Work request: All lines from the one with "BST: C5.1, U3.6" through the close of the records below are to be set down exactly, and no others.

Exercise materials:
>>>

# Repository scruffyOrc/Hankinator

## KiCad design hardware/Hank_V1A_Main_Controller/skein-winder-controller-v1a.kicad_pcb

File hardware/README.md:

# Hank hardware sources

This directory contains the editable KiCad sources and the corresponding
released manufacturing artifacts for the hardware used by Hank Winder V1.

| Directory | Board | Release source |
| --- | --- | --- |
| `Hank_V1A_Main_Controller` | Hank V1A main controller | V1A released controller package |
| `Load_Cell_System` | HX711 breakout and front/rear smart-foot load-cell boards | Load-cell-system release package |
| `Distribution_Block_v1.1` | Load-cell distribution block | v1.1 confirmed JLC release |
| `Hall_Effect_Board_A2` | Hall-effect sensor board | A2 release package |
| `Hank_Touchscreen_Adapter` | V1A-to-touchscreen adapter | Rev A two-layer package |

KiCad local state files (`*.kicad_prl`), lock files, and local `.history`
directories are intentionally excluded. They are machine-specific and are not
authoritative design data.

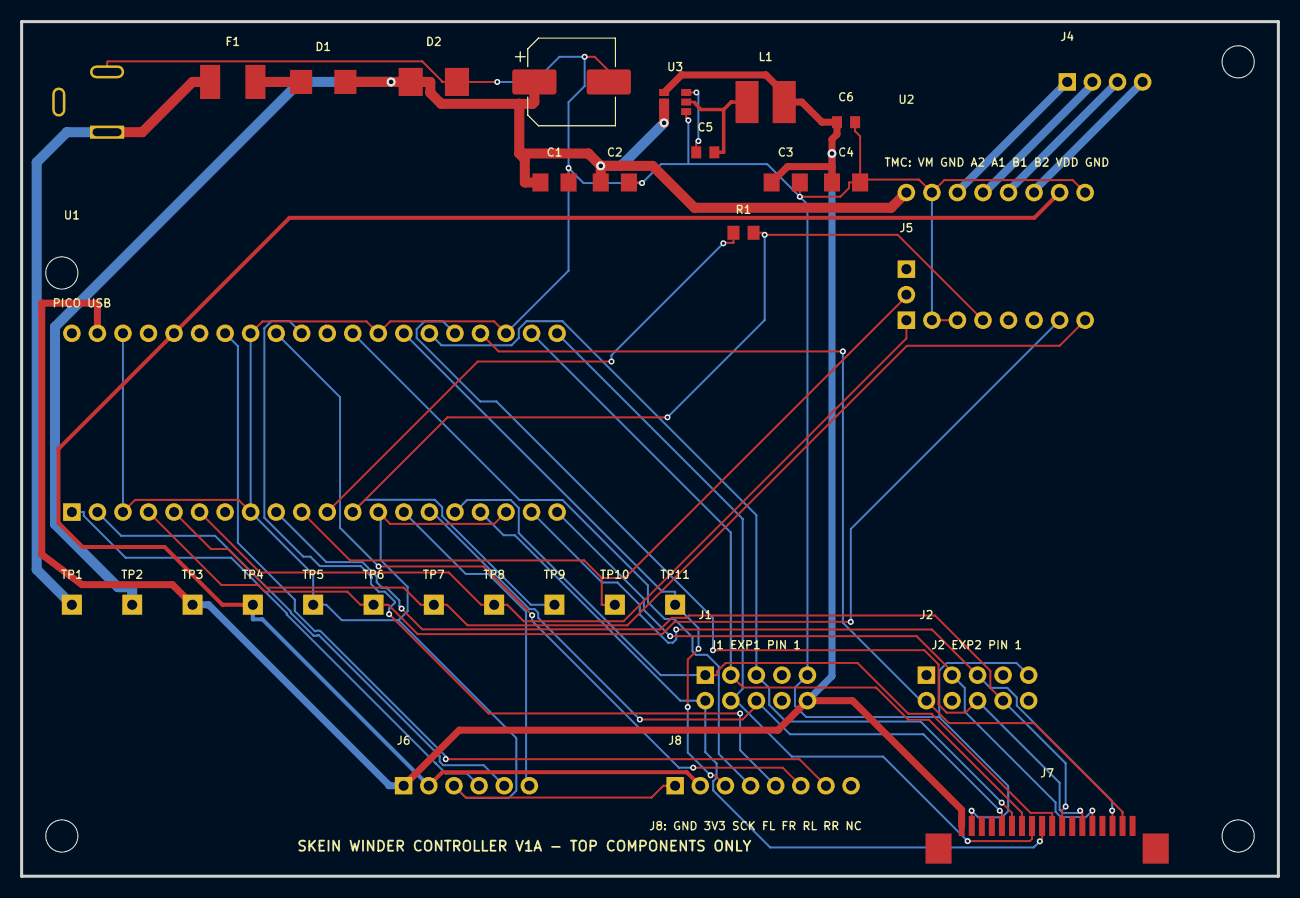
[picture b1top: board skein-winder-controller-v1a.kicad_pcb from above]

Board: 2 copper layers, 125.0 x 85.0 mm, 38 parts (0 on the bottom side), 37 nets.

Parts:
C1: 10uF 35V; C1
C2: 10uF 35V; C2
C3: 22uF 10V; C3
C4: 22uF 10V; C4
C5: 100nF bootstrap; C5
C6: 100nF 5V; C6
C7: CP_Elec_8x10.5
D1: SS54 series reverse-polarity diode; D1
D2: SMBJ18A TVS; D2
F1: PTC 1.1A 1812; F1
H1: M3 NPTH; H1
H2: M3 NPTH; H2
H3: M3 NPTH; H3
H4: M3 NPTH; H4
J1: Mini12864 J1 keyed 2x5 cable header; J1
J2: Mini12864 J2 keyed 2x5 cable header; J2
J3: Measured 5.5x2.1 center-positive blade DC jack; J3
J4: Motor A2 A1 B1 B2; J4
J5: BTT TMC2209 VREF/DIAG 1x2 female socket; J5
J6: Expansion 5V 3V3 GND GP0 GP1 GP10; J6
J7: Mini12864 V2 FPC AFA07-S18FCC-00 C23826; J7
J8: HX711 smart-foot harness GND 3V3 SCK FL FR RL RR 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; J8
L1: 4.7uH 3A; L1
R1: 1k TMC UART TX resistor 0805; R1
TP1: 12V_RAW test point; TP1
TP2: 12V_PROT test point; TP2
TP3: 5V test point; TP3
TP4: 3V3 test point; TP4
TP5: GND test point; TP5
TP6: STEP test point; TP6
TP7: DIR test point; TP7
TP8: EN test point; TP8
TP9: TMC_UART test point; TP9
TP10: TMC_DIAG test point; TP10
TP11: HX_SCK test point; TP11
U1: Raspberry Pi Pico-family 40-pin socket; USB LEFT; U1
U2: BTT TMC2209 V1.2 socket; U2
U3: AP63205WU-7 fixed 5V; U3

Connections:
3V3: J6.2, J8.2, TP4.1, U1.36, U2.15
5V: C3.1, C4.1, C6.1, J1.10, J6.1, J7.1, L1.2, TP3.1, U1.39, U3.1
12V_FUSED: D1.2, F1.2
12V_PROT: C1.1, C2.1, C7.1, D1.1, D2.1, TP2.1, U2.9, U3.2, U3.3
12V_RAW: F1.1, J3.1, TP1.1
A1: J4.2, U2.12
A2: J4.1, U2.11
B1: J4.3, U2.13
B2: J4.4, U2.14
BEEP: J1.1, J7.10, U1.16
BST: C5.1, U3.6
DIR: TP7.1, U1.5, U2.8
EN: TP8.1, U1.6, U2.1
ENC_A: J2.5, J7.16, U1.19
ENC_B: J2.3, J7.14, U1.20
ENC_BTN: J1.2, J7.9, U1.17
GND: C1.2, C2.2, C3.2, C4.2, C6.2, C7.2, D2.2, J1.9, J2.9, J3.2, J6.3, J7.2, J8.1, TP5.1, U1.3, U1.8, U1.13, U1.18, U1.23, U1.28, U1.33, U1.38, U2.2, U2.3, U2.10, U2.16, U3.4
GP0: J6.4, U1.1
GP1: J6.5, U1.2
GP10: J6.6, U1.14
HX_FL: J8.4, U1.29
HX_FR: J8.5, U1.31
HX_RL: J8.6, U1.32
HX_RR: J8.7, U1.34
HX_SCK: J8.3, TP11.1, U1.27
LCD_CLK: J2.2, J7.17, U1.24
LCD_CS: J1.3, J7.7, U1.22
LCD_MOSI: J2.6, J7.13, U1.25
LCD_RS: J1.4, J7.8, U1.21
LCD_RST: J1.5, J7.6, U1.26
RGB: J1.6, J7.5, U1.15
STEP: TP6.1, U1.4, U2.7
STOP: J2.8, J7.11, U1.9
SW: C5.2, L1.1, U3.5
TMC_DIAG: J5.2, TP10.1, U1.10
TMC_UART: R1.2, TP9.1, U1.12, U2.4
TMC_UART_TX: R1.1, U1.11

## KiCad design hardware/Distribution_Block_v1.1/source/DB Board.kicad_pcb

<<<

Response to this task:
BST: C5.1, U3.6
DIR: TP7.1, U1.5, U2.8
EN: TP8.1, U1.6, U2.1
ENC_A: J2.5, J7.16, U1.19
ENC_B: J2.3, J7.14, U1.20
ENC_BTN: J1.2, J7.9, U1.17
GND: C1.2, C2.2, C3.2, C4.2, C6.2, C7.2, D2.2, J1.9, J2.9, J3.2, J6.3, J7.2, J8.1, TP5.1, U1.3, U1.8, U1.13, U1.18, U1.23, U1.28, U1.33, U1.38, U2.2, U2.3, U2.10, U2.16, U3.4
GP0: J6.4, U1.1
GP1: J6.5, U1.2
GP10: J6.6, U1.14
HX_FL: J8.4, U1.29
HX_FR: J8.5, U1.31
HX_RL: J8.6, U1.32
HX_RR: J8.7, U1.34
HX_SCK: J8.3, TP11.1, U1.27
LCD_CLK: J2.2, J7.17, U1.24
LCD_CS: J1.3, J7.7, U1.22
LCD_MOSI: J2.6, J7.13, U1.25
LCD_RS: J1.4, J7.8, U1.21
LCD_RST: J1.5, J7.6, U1.26
RGB: J1.6, J7.5, U1.15
STEP: TP6.1, U1.4, U2.7
STOP: J2.8, J7.11, U1.9
SW: C5.2, L1.1, U3.5
TMC_DIAG: J5.2, TP10.1, U1.10
TMC_UART: R1.2, TP9.1, U1.12, U2.4
TMC_UART_TX: R1.1, U1.11

## KiCad design hardware/Distribution_Block_v1.1/source/DB Board.kicad_pcb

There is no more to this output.